╭─ Input

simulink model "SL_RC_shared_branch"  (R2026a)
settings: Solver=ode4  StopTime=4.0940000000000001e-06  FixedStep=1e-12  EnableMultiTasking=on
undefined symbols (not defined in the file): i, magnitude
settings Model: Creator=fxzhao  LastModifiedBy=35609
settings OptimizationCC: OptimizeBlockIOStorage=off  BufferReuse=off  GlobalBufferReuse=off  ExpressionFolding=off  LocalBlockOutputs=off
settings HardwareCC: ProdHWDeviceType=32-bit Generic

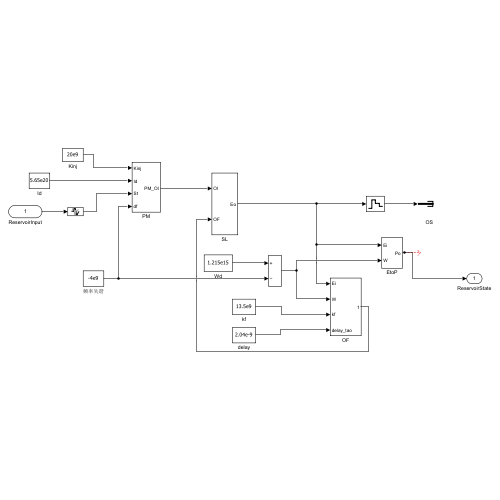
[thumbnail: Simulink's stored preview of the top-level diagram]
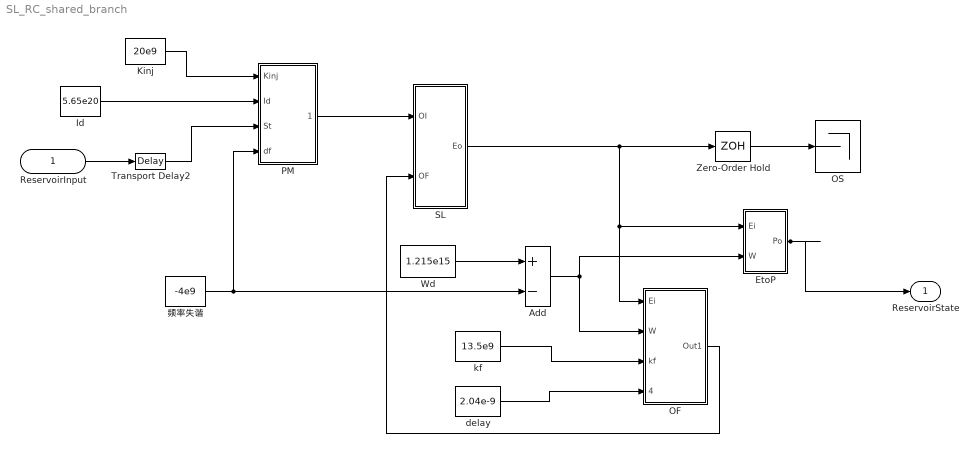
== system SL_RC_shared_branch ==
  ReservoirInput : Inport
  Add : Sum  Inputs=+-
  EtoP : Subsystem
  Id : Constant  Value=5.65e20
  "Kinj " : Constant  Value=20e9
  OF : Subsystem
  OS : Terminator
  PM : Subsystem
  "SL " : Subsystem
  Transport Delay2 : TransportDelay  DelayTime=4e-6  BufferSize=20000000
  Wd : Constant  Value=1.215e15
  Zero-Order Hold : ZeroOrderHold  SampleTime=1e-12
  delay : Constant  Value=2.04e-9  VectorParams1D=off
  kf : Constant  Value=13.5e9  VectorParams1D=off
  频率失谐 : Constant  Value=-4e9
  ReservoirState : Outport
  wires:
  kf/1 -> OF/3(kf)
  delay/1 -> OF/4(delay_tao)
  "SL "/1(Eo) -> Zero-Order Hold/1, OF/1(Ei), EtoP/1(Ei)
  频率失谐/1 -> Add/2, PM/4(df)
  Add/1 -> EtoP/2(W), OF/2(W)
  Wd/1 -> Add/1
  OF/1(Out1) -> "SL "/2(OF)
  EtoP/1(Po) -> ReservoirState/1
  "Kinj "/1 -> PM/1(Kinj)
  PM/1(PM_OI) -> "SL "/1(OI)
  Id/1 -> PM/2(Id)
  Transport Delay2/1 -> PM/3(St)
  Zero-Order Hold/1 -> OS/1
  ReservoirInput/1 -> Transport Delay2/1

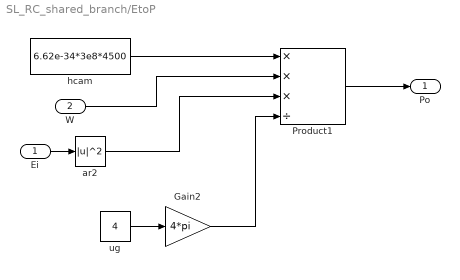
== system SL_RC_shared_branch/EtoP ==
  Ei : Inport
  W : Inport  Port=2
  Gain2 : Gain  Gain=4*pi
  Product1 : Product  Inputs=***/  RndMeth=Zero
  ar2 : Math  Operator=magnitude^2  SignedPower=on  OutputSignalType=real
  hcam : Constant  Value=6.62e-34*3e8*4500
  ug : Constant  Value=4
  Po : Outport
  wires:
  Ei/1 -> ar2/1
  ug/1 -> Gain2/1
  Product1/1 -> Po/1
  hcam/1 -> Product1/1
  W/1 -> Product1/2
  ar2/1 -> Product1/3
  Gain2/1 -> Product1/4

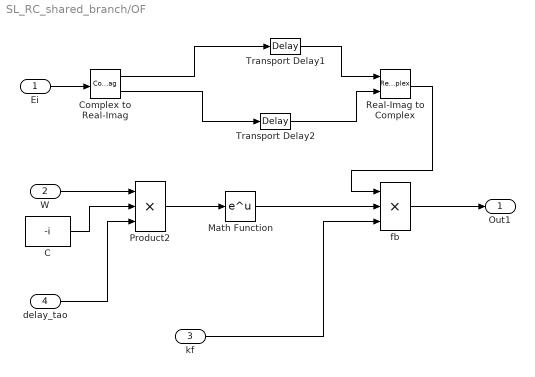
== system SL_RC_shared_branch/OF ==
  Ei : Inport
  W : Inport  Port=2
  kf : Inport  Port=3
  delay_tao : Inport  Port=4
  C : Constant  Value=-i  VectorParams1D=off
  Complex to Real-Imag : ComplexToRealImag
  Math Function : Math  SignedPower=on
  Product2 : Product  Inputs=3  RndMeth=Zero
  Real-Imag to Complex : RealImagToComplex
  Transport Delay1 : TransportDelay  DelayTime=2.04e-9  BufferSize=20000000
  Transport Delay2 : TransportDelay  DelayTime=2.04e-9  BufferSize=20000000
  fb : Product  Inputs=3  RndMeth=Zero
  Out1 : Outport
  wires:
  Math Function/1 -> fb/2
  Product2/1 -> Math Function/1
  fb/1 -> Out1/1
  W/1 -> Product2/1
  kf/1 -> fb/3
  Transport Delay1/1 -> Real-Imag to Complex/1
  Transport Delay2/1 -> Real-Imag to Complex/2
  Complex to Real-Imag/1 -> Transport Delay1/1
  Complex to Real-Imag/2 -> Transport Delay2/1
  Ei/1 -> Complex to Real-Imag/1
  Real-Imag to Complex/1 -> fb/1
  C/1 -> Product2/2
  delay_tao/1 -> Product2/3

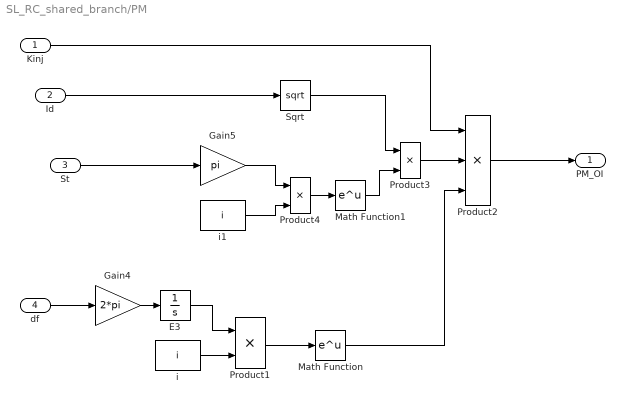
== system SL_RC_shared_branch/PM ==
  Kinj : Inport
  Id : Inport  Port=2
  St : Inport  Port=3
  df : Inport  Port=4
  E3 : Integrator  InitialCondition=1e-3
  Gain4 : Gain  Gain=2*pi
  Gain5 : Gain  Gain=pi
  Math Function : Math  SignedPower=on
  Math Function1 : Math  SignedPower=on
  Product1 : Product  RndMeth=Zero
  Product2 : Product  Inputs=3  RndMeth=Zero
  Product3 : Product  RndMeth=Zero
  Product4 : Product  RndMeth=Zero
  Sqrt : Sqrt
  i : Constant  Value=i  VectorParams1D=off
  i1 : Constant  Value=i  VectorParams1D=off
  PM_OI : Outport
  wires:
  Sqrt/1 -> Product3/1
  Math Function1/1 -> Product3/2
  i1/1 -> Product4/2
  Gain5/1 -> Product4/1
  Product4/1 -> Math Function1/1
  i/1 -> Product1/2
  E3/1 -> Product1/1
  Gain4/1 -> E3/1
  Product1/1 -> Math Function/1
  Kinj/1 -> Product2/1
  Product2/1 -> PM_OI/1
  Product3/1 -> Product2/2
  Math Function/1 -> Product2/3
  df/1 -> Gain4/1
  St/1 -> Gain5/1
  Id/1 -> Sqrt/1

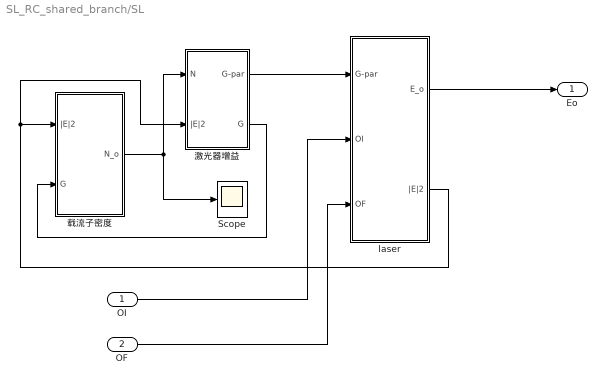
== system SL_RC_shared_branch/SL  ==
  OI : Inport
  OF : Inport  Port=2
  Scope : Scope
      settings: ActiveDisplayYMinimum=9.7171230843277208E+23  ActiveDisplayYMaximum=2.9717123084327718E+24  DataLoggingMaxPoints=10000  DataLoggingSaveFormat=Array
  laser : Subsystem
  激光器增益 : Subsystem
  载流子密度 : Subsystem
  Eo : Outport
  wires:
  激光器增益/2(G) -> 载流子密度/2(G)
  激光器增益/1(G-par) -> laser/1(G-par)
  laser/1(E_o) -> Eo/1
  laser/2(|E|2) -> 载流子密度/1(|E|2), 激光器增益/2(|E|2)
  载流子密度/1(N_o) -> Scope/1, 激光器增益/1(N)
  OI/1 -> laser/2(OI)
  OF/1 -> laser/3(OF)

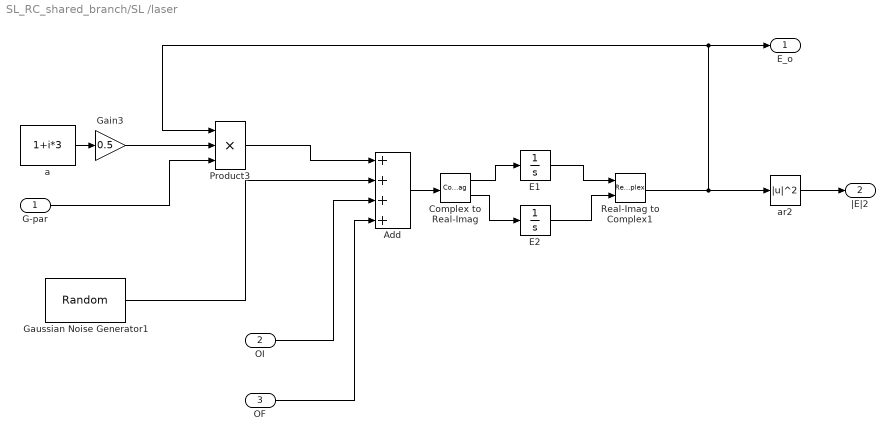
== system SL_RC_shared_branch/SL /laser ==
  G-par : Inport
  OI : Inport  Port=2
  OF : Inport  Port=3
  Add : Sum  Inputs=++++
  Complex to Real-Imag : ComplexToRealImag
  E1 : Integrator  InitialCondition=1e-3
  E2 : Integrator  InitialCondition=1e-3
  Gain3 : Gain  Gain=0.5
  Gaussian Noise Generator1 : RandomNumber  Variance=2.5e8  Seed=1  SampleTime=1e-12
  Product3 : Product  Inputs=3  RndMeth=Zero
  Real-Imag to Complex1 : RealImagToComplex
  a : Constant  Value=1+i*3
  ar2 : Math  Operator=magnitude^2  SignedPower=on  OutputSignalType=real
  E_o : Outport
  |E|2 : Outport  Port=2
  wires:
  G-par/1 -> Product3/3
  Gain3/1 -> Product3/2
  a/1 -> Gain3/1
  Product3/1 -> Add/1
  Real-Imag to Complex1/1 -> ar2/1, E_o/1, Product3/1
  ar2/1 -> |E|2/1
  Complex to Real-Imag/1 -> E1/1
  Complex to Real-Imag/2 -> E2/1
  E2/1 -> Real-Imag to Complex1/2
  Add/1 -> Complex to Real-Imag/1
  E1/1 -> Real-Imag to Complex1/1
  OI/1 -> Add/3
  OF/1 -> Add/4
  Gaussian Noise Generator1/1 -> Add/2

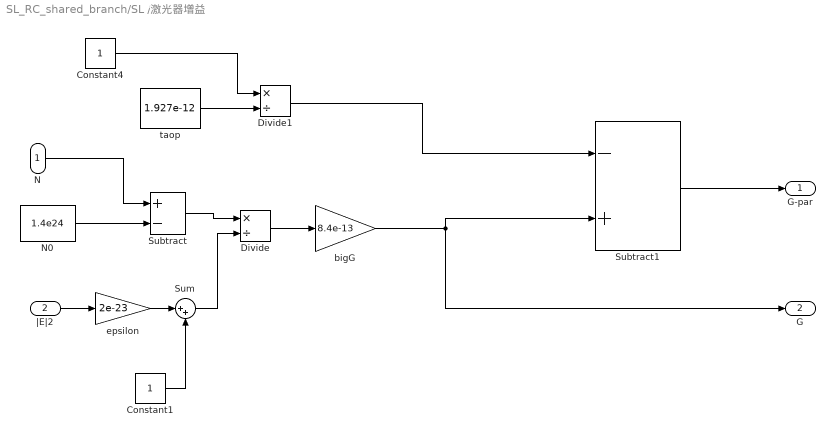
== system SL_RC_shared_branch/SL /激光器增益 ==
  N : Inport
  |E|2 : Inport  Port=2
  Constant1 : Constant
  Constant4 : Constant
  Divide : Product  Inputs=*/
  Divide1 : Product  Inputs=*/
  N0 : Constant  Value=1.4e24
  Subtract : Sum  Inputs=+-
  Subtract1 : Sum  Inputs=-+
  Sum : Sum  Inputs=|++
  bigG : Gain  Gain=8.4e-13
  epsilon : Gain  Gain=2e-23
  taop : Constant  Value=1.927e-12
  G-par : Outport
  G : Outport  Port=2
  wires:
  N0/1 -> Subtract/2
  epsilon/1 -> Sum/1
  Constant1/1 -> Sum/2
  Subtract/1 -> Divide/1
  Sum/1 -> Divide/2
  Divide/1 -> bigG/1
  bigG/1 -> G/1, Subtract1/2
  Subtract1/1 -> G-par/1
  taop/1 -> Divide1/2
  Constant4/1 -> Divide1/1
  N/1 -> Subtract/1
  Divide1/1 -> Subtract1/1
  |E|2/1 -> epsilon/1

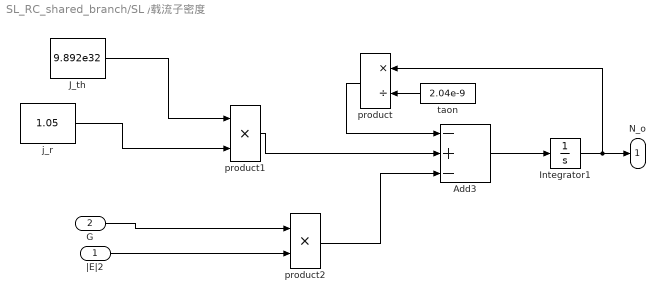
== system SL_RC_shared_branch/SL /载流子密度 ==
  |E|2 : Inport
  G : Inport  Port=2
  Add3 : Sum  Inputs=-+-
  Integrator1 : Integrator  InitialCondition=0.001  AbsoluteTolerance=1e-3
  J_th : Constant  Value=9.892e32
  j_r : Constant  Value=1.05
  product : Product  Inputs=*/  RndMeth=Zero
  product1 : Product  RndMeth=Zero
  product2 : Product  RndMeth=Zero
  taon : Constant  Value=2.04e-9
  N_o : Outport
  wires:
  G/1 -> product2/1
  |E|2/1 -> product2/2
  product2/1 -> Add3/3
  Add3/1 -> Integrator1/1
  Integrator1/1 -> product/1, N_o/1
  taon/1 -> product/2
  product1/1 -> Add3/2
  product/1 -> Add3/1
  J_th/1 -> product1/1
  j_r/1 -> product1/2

╰─

Each line with the word "激光器增益" in the records above belongs in the result; copy all of them.

- _Answer_:
  激光器增益 : Subsystem
  激光器增益/2(G) -> 载流子密度/2(G)
  激光器增益/1(G-par) -> laser/1(G-par)
  laser/2(|E|2) -> 载流子密度/1(|E|2), 激光器增益/2(|E|2)
  载流子密度/1(N_o) -> Scope/1, 激光器增益/1(N)
== system SL_RC_shared_branch/SL /激光器增益 ==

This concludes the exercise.